Hope you enjoy the chase.
Sunday, April 12, 2009
The following are some new videos added this week which briefly discuss stages of diagnosis and the types of Multiple Sclerosis:
Dr. Rock Heyman defines the term clinically isolated syndrome, and describes what it means to have possible MS.
Dr. Gabriel Pardo talks about the resources available to help people who have recently been diagnosed with MS, as well as the importance of early treatment to slow disease progression.
Dr. Robert Fallis describes relapsing-remitting MS, the most common form of the disease, and explains what occurs in the central nervous system during relapses and remissions.
Dr. Rock Heyman describes primary-progressive MS and the ways in which it differs from other forms of the disease.
Dr.

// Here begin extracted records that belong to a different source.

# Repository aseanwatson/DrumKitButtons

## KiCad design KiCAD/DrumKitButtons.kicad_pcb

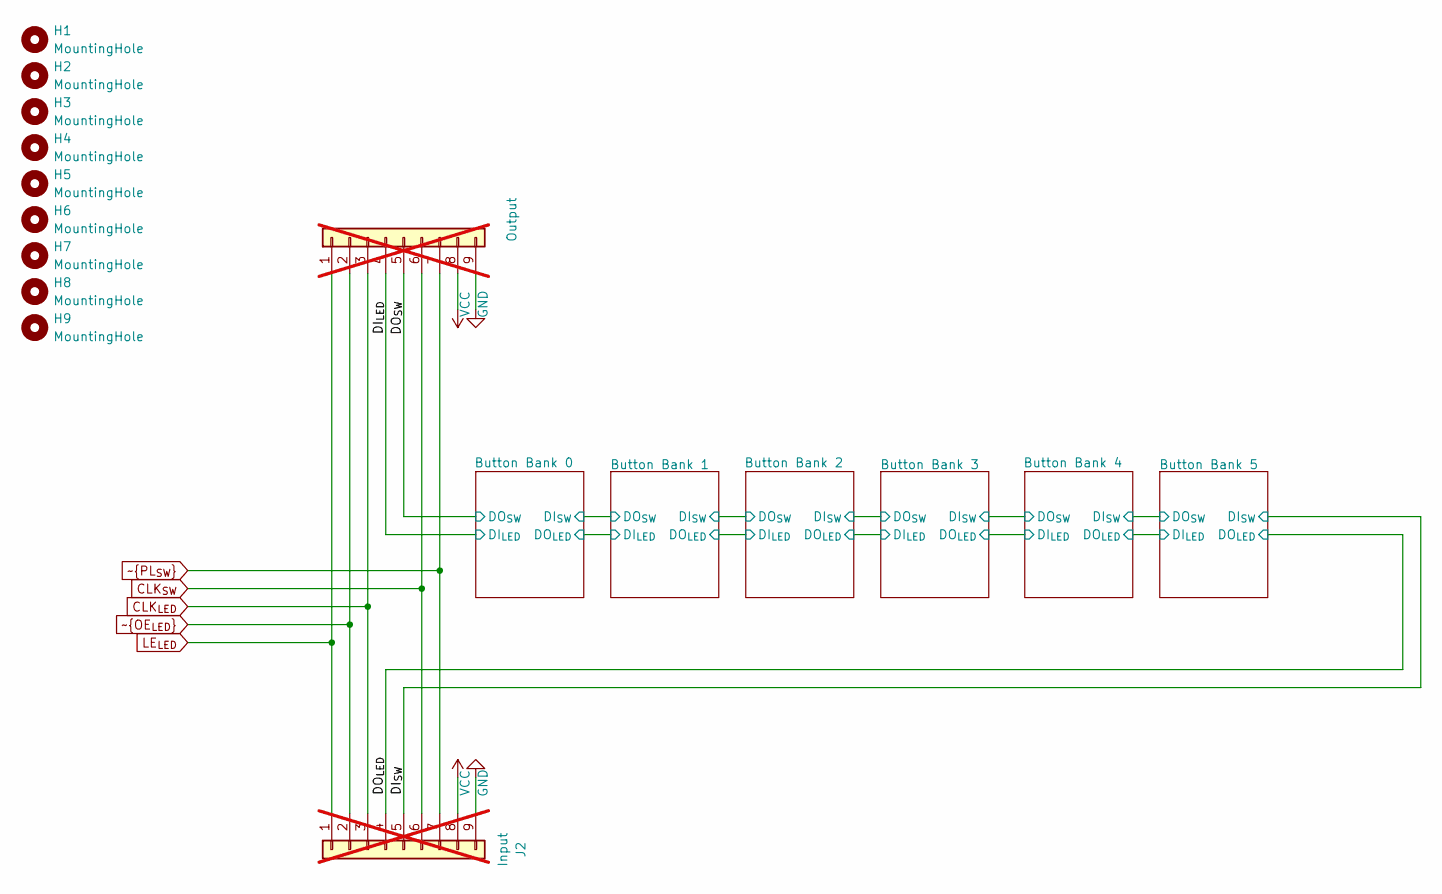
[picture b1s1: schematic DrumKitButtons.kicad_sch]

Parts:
H1, H2, H3, H4, H5, H6, H7, H8, H9: MountingHole; MountingHole_3.2mm_M3
J1: Output; PinHeader_1x09_P2.54mm_Vertical; not fitted
J2: Input; PinHeader_1x09_P2.54mm_Vertical; not fitted

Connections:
/DI_{LED}: J1.4; also elsewhere on the board
/DI_{SW}: J2.5; also elsewhere on the board
/DO_{LED}: J2.4; also elsewhere on the board
/DO_{SW}: J1.5; also elsewhere on the board
CLK_{LED}: J1.3, J2.3; also elsewhere on the board
CLK_{SW}: J1.6, J2.6; also elsewhere on the board
GND: J1.9, J2.9; also elsewhere on the board
LE_{LED}: J1.1, J2.1; also elsewhere on the board
VCC: J1.8, J2.8; also elsewhere on the board
~OE_{LED}: J1.2, J2.2; also elsewhere on the board
~PL_{SW}: J1.7, J2.7; also elsewhere on the board

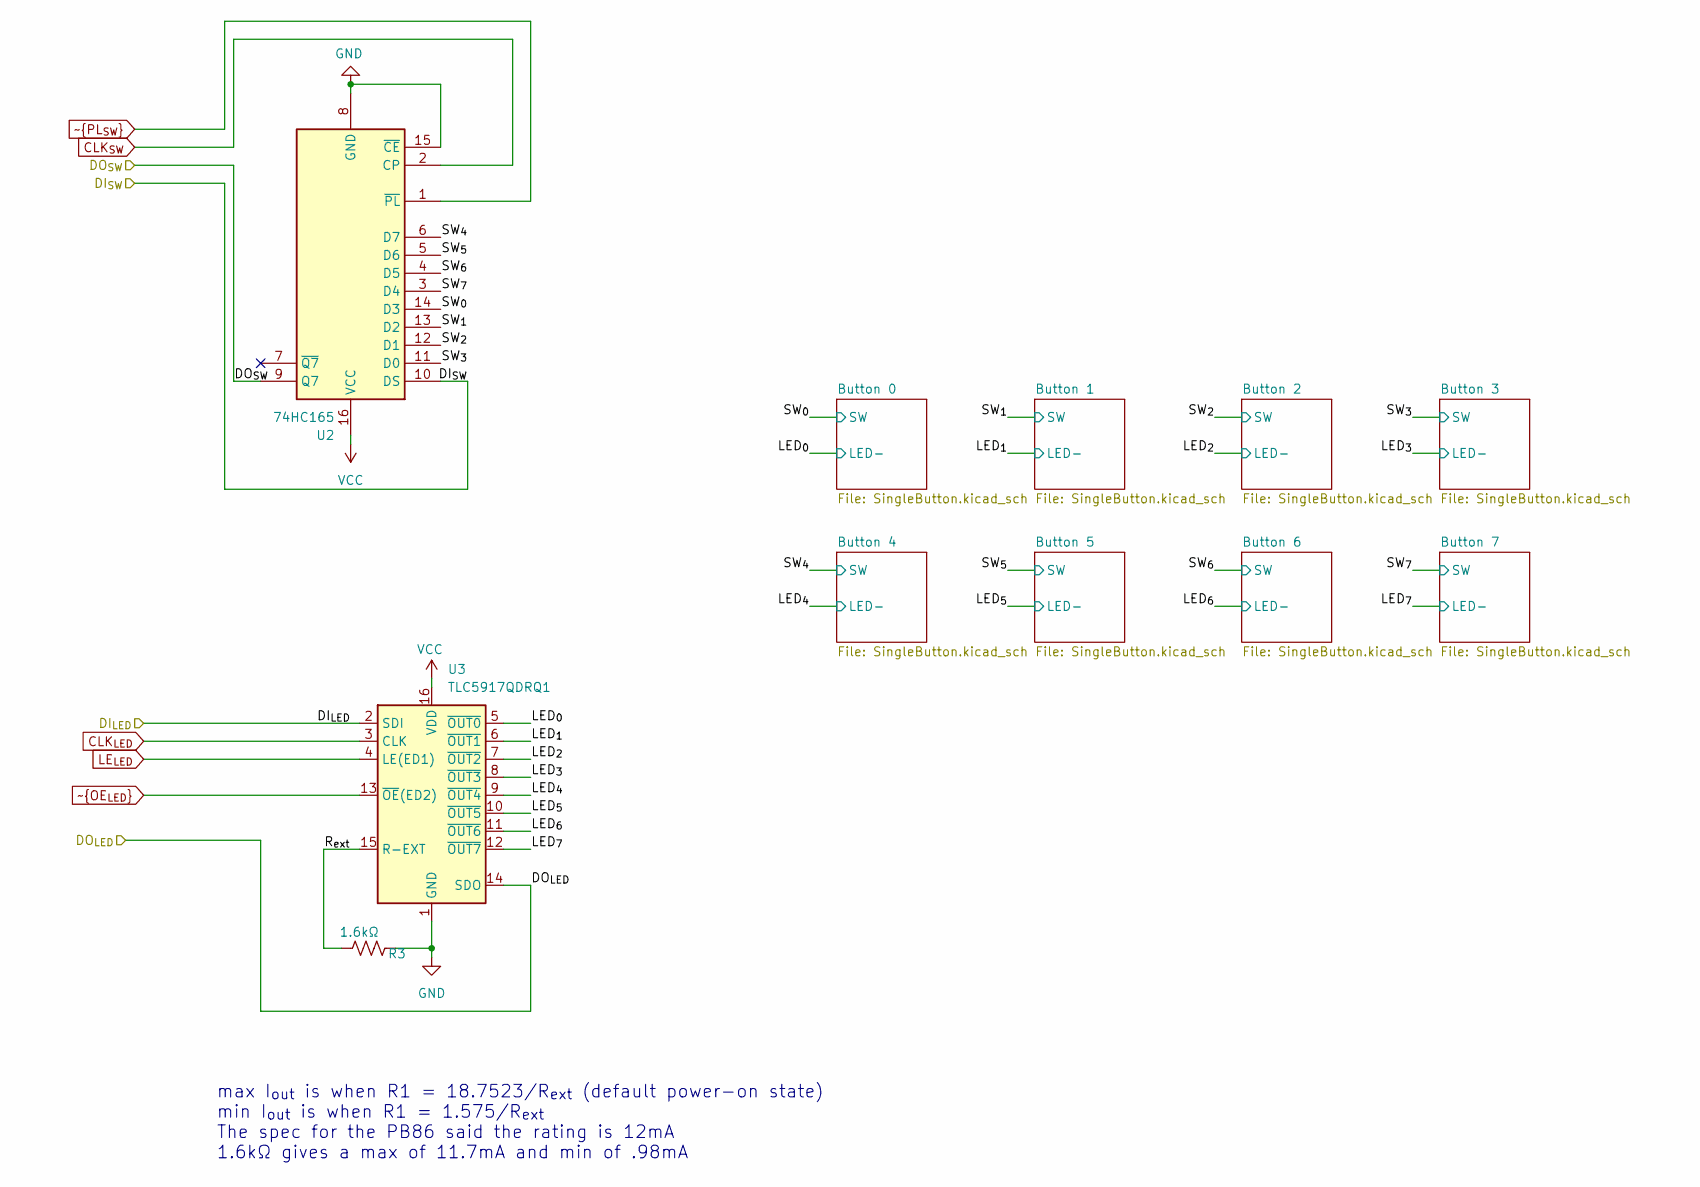
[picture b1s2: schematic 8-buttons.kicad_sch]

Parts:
R3: 1.6kΩ; R_0402_1005Metric; LCSC Part# C2906881
U2: 74HC165; SOIC-16_3.9x9.9mm_P1.27mm; LCSC Part# C5613
U3: TLC5917QDRQ1; SOIC-16_3.9x9.9mm_P1.27mm; LCSC Part# C2870661

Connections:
/Button Bank 0/DI_{SW}: U2.10 (DS); also elsewhere on the board
/Button Bank 0/DO_{LED}: U3.14 (SDO); also elsewhere on the board
/Button Bank 0/LED_{0}: U3.5 (~OUT0); also elsewhere on the board
/Button Bank 0/LED_{1}: U3.6 (~OUT1); also elsewhere on the board
/Button Bank 0/LED_{2}: U3.7 (~OUT2); also elsewhere on the board
/Button Bank 0/LED_{3}: U3.8 (~OUT3); also elsewhere on the board
/Button Bank 0/LED_{4}: U3.9 (~OUT4); also elsewhere on the board
/Button Bank 0/LED_{5}: U3.10 (~OUT5); also elsewhere on the board
/Button Bank 0/LED_{6}: U3.11 (~OUT6); also elsewhere on the board
/Button Bank 0/LED_{7}: U3.12 (~OUT7); also elsewhere on the board
/Button Bank 0/R_{ext}: R3.1, U3.15 (R-EXT)
/Button Bank 0/SW_{0}: U2.14 (D3); also elsewhere on the board
/Button Bank 0/SW_{1}: U2.13 (D2); also elsewhere on the board
/Button Bank 0/SW_{2}: U2.12 (D1); also elsewhere on the board
/Button Bank 0/SW_{3}: U2.11 (D0); also elsewhere on the board
/Button Bank 0/SW_{4}: U2.6 (D7); also elsewhere on the board
/Button Bank 0/SW_{5}: U2.5 (D6); also elsewhere on the board
/Button Bank 0/SW_{6}: U2.4 (D5); also elsewhere on the board
/Button Bank 0/SW_{7}: U2.3 (D4); also elsewhere on the board
/DI_{LED}: U3.2 (SDI); also elsewhere on the board
/DO_{SW}: U2.9 (Q7); also elsewhere on the board
CLK_{LED}: U3.3 (CLK); also elsewhere on the board
CLK_{SW}: U2.2 (CP); also elsewhere on the board
GND: R3.2, U2.8 (GND), U2.15 (~CE), U3.1 (GND); also elsewhere on the board
LE_{LED}: U3.4 (LE(ED1)); also elsewhere on the board
VCC: U2.16 (VCC), U3.16 (VDD); also elsewhere on the board
~OE_{LED}: U3.13 (~OE(ED2)); also elsewhere on the board
~PL_{SW}: U2.1 (~PL); also elsewhere on the board

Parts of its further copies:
R1, R18, R19, R36, R37: 1.6kΩ; R_0402_1005Metric; LCSC Part# C2906881
U1, U5, U8, U10, U11: TLC5917QDRQ1; SOIC-16_3.9x9.9mm_P1.27mm; LCSC Part# C2870661
U4, U6, U7, U9, U12: 74HC165; SOIC-16_3.9x9.9mm_P1.27mm; LCSC Part# C5613

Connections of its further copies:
/Button Bank 0/DI_{SW}: U4.9 (Q7); also elsewhere on the board
/Button Bank 0/DO_{LED}: U1.2 (SDI); also elsewhere on the board
/Button Bank 1/DI_{SW}: U4.10 (DS), U7.9 (Q7)
/Button Bank 1/DO_{LED}: U1.14 (SDO), U8.2 (SDI)
/Button Bank 1/LED_{0}: U1.5 (~OUT0); also elsewhere on the board
/Button Bank 1/LED_{1}: U1.6 (~OUT1); also elsewhere on the board
/Button Bank 1/LED_{2}: U1.7 (~OUT2); also elsewhere on the board
/Button Bank 1/LED_{3}: U1.8 (~OUT3); also elsewhere on the board
/Button Bank 1/LED_{4}: U1.9 (~OUT4); also elsewhere on the board
/Button Bank 1/LED_{5}: U1.10 (~OUT5); also elsewhere on the board
/Button Bank 1/LED_{6}: U1.11 (~OUT6); also elsewhere on the board
/Button Bank 1/LED_{7}: U1.12 (~OUT7); also elsewhere on the board
/Button Bank 1/R_{ext}: R1.1, U1.15 (R-EXT)
/Button Bank 1/SW_{0}: U4.14 (D3); also elsewhere on the board
/Button Bank 1/SW_{1}: U4.13 (D2); also elsewhere on the board
/Button Bank 1/SW_{2}: U4.12 (D1); also elsewhere on the board
/Button Bank 1/SW_{3}: U4.11 (D0); also elsewhere on the board
/Button Bank 1/SW_{4}: U4.6 (D7); also elsewhere on the board
/Button Bank 1/SW_{5}: U4.5 (D6); also elsewhere on the board
/Button Bank 1/SW_{6}: U4.4 (D5); also elsewhere on the board
/Button Bank 1/SW_{7}: U4.3 (D4); also elsewhere on the board
/Button Bank 2/DI_{SW}: U6.9 (Q7), U7.10 (DS)
/Button Bank 2/DO_{LED}: U5.2 (SDI), U8.14 (SDO)
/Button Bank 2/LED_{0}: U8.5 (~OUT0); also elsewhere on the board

Aaron Miller describes the available treatment options and resources for people living with advanced MS, and highlights the ongoing research efforts to repair the damaged nervous system.
Thursday, April 9, 2009
"Who I am is stronger than any disease."
Had my first Complimentary Customer Care Conversation with the Copaxone Consultants yesterday (too bad yesterday doesn't start with a C). You know, the ones where a representative calls in order to share how easy, and actually fun it is to inject yourself with toxic substances. Got my free products coming, of course--a durable plastic storage container for 30 glass syringes, another plastic container for travel, and a gel pack for injection sites. I was hoping for some Cuban cigars as well, but it looks like these are no longer being offered (if they ever were).
I also had the opportunity to rate various aspects of treatment and personal satisfaction on a number scale--1 equalling No, not really, and 4 meaning Yes, I love it!
When asked about my level of commitment to the treatment, I answered 2.
This apparently caused some red flags to shoot up with the interviewer.
Why 2? Are the injections unpleasant? Is there something we can help with? Do you believe you really have MS, or are you unsure? Do you need more literature about Copaxone?
No, it's just this irritating, unreasonable gut feeling that I cannot seem to escape--the feeling that somehow when ones body objects so strongly to the introduction of this or that foreign substance, it could somehow mean it's not a good idea.
Your body objects? How do you mean? Is there something about the injections that you don't like?
Well, I uh . . . .
Would you like to have one of our nurses visit your house?
No, I'm just saying . . . .
Are you having pain? Are you depressed? Do you have questions? Are you dizzy, breathless, confused, disoriented, having chest pains, gangrene, paralysis, loss of vision or function in any body part?
You know what? I wanna change that 2 to a 3. It's really not a 2 at all. I don't know why I said 2. It's more like a 3, honestly, or even a 3-1/2. In hindsight, I'm changing it to a 3-1/2.
Now that's more like it, Mr. Boughton. Keep yer chin up, will ya?
Happy trails to you, until we meet again . . . .
I know I haven't been posting. I also know that I start almost every one of these entries out this way. Well, this time, I'm not going to promise to write more frequently - so there.
Right now, I'm up with insomnia. I'm aching in the WEIRDEST places (my forearms and shins), but other than that, I couldn't be better.
Over the last several days, I've been getting back to myself - almost entirely. No seizures, no numbness, no nothin. It's really pretty great.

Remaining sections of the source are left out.